- [Problem statement]
Each line below should be repeated exactly, but no picture should be carried over.

- [Dataset content]
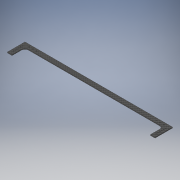
# Autodesk Inventor part: Brace 1
Saved by Autodesk Inventor 2019.4 (Build 234330000, 330)
## iProperties
Created: 2019-12-14
Part Number: Brace 1
Material: CFRP
Document SubType Name: Modeling
Designer: admin
Density: 1.43 g/cm^3
Appearance: Carbon Fiber
Author: admin
Autodesk Inventor part; units mm, degrees
ref_plane "YZ Plane" through (0, 0, 0) normal (1, 0, 0) x (0, 1, 0)
ref_plane "XZ Plane" through (0, 0, 0) normal (0, 1, 0) x (-1, 0, 0)
ref_plane "XY Plane" through (0, 0, 0) normal (0, 0, 1) x (1, 0, 0)
sketch "Sketch1" plane through (0, 0, 0) normal (0, 1, 0) x (-1, 0, 0)
  line L0 (0, 0) -> (0, -95)
  line L1 (0, -95) -> (-95, -95)
  line L2 (-95, -95) -> (-95, -70) construction
  line L3 (-95, -70) -> (-25, -70)
  line L4 (-25, -70) -> (-25, 0)
  line L5 (-25, 0) -> (0, 0)
  circle A0 centre (-12.5, -20) radius 2.75
  line L6 (-12.5, 0) -> (-12.5, -95) construction
  circle A1 centre (-12.5, -40) radius 2.75
  circle A2 centre (-12.5, -60) radius 2.75
  line L7 (-95, -82.5) -> (0, -82.5) construction
  circle A3 centre (-35, -82.5) radius 2.75
  circle A4 centre (-55, -82.5) radius 2.75
  circle A5 centre (-75, -82.5) radius 2.75
  circle A6 centre (-12.5, -30) radius 2.75
  circle A7 centre (-12.5, -50) radius 2.75
  circle A8 centre (-12.5, -70) radius 2.75
  line L8 (-400, -139.4226) -> (-400, 36.9661) construction
  line L9 (-800, 0) -> (-800, -95)
  line L10 (-800, -95) -> (-705, -95)
  line L11 (-705, -95) -> (-705, -70) construction
  line L12 (-705, -70) -> (-775, -70)
  line L13 (-775, -70) -> (-775, 0)
  line L14 (-775, 0) -> (-800, 0)
  circle A9 centre (-787.5, -20) radius 2.75
  line L15 (-787.5, 0) -> (-787.5, -95) construction
  circle A10 centre (-787.5, -40) radius 2.75
  circle A11 centre (-787.5, -60) radius 2.75
  line L16 (-705, -82.5) -> (-800, -82.5) construction
  circle A12 centre (-765, -82.5) radius 2.75
  circle A13 centre (-745, -82.5) radius 2.75
  circle A14 centre (-725, -82.5) radius 2.75
  circle A15 centre (-787.5, -30) radius 2.75
  circle A16 centre (-787.5, -50) radius 2.75
  circle A17 centre (-787.5, -70) radius 2.75
  line L17 (-95, -95) -> (-705, -95)
  line L18 (-705, -70) -> (-95, -70)
  dimension "d0" = 25
  dimension "d1" = 70
  dimension "d2" = 25
  dimension "d3" = 70
  dimension "d4" = 5.5
  dimension "d5" = 20
  dimension "d6" = 5.5
  dimension "d7" = 5.5
  dimension "d8" = 20
  dimension "d9" = 20
  dimension "d12" = 5.5
  dimension "d13" = 35
  dimension "d14" = 5.5
  dimension "d15" = 20
  dimension "d16" = 5.5
  dimension "d17" = 20
  dimension "d22" = 10
  dimension "d28" = 400
  constraints: 38 end point, 19 symmetric about line, 18 centre point, 16 point on line, 7 perpendicular, 3 vertical, 2 midpoint, 1 horizontal, 1 parallel, 15 other
  measures "d0" distance between parallel lines of L0 L4
  measures "d1" distance of L3.end L4.end
  measures "d2" distance of L1.end L2.end
  measures "d3" distance of L2.end L3.end
  measures "d4" diameter of A0
  measures "d5" distance from line of L5 A0.centre
  measures "d6" diameter of A1
  measures "d7" diameter of A2
  measures "d8" distance of A0.centre A1.centre
  measures "d9" distance of A1.centre A2.centre
  measures "d12" diameter of A3
  measures "d13" distance from line of L0 A3.centre
  measures "d14" diameter of A4
  measures "d15" distance of A3.centre A4.centre
  measures "d16" diameter of A5
  measures "d17" distance of A4.centre A5.centre
  measures "d22" distance of A0.centre A6.centre
  measures "d28" distance between parallel lines of L8 L0
extrude "Extrusion1" add sketch "Sketch1" along normal blind 4
fillet "Fillet1" radius 20 2 edges at (25, 2, -70) (775, 2, -70)
body "Solid1"

- [Solution for this problem]
# Autodesk Inventor part: Brace 1
Saved by Autodesk Inventor 2019.4 (Build 234330000, 330)
## iProperties
Created: 2019-12-14
Part Number: Brace 1
Material: CFRP
Document SubType Name: Modeling
Designer: admin
Density: 1.43 g/cm^3
Appearance: Carbon Fiber
Author: admin
Autodesk Inventor part; units mm, degrees
ref_plane "YZ Plane" through (0, 0, 0) normal (1, 0, 0) x (0, 1, 0)
ref_plane "XZ Plane" through (0, 0, 0) normal (0, 1, 0) x (-1, 0, 0)
ref_plane "XY Plane" through (0, 0, 0) normal (0, 0, 1) x (1, 0, 0)
sketch "Sketch1" plane through (0, 0, 0) normal (0, 1, 0) x (-1, 0, 0)
  line L0 (0, 0) -> (0, -95)
  line L1 (0, -95) -> (-95, -95)
  line L2 (-95, -95) -> (-95, -70) construction
  line L3 (-95, -70) -> (-25, -70)
  line L4 (-25, -70) -> (-25, 0)
  line L5 (-25, 0) -> (0, 0)
  circle A0 centre (-12.5, -20) radius 2.75
  line L6 (-12.5, 0) -> (-12.5, -95) construction
  circle A1 centre (-12.5, -40) radius 2.75
  circle A2 centre (-12.5, -60) radius 2.75
  line L7 (-95, -82.5) -> (0, -82.5) construction
  circle A3 centre (-35, -82.5) radius 2.75
  circle A4 centre (-55, -82.5) radius 2.75
  circle A5 centre (-75, -82.5) radius 2.75
  circle A6 centre (-12.5, -30) radius 2.75
  circle A7 centre (-12.5, -50) radius 2.75
  circle A8 centre (-12.5, -70) radius 2.75
  line L8 (-400, -139.4226) -> (-400, 36.9661) construction
  line L9 (-800, 0) -> (-800, -95)
  line L10 (-800, -95) -> (-705, -95)
  line L11 (-705, -95) -> (-705, -70) construction
  line L12 (-705, -70) -> (-775, -70)
  line L13 (-775, -70) -> (-775, 0)
  line L14 (-775, 0) -> (-800, 0)
  circle A9 centre (-787.5, -20) radius 2.75
  line L15 (-787.5, 0) -> (-787.5, -95) construction
  circle A10 centre (-787.5, -40) radius 2.75
  circle A11 centre (-787.5, -60) radius 2.75
  line L16 (-705, -82.5) -> (-800, -82.5) construction
  circle A12 centre (-765, -82.5) radius 2.75
  circle A13 centre (-745, -82.5) radius 2.75
  circle A14 centre (-725, -82.5) radius 2.75
  circle A15 centre (-787.5, -30) radius 2.75
  circle A16 centre (-787.5, -50) radius 2.75
  circle A17 centre (-787.5, -70) radius 2.75
  line L17 (-95, -95) -> (-705, -95)
  line L18 (-705, -70) -> (-95, -70)
  dimension "d0" = 25
  dimension "d1" = 70
  dimension "d2" = 25
  dimension "d3" = 70
  dimension "d4" = 5.5
  dimension "d5" = 20
  dimension "d6" = 5.5
  dimension "d7" = 5.5
  dimension "d8" = 20
  dimension "d9" = 20
  dimension "d12" = 5.5
  dimension "d13" = 35
  dimension "d14" = 5.5
  dimension "d15" = 20
  dimension "d16" = 5.5
  dimension "d17" = 20
  dimension "d22" = 10
  dimension "d28" = 400
  constraints: 38 end point, 19 symmetric about line, 18 centre point, 16 point on line, 7 perpendicular, 3 vertical, 2 midpoint, 1 horizontal, 1 parallel, 15 other
  measures "d0" distance between parallel lines of L0 L4
  measures "d1" distance of L3.end L4.end
  measures "d2" distance of L1.end L2.end
  measures "d3" distance of L2.end L3.end
  measures "d4" diameter of A0
  measures "d5" distance from line of L5 A0.centre
  measures "d6" diameter of A1
  measures "d7" diameter of A2
  measures "d8" distance of A0.centre A1.centre
  measures "d9" distance of A1.centre A2.centre
  measures "d12" diameter of A3
  measures "d13" distance from line of L0 A3.centre
  measures "d14" diameter of A4
  measures "d15" distance of A3.centre A4.centre
  measures "d16" diameter of A5
  measures "d17" distance of A4.centre A5.centre
  measures "d22" distance of A0.centre A6.centre
  measures "d28" distance between parallel lines of L8 L0
extrude "Extrusion1" add sketch "Sketch1" along normal blind 4
fillet "Fillet1" radius 20 2 edges at (25, 2, -70) (775, 2, -70)
body "Solid1"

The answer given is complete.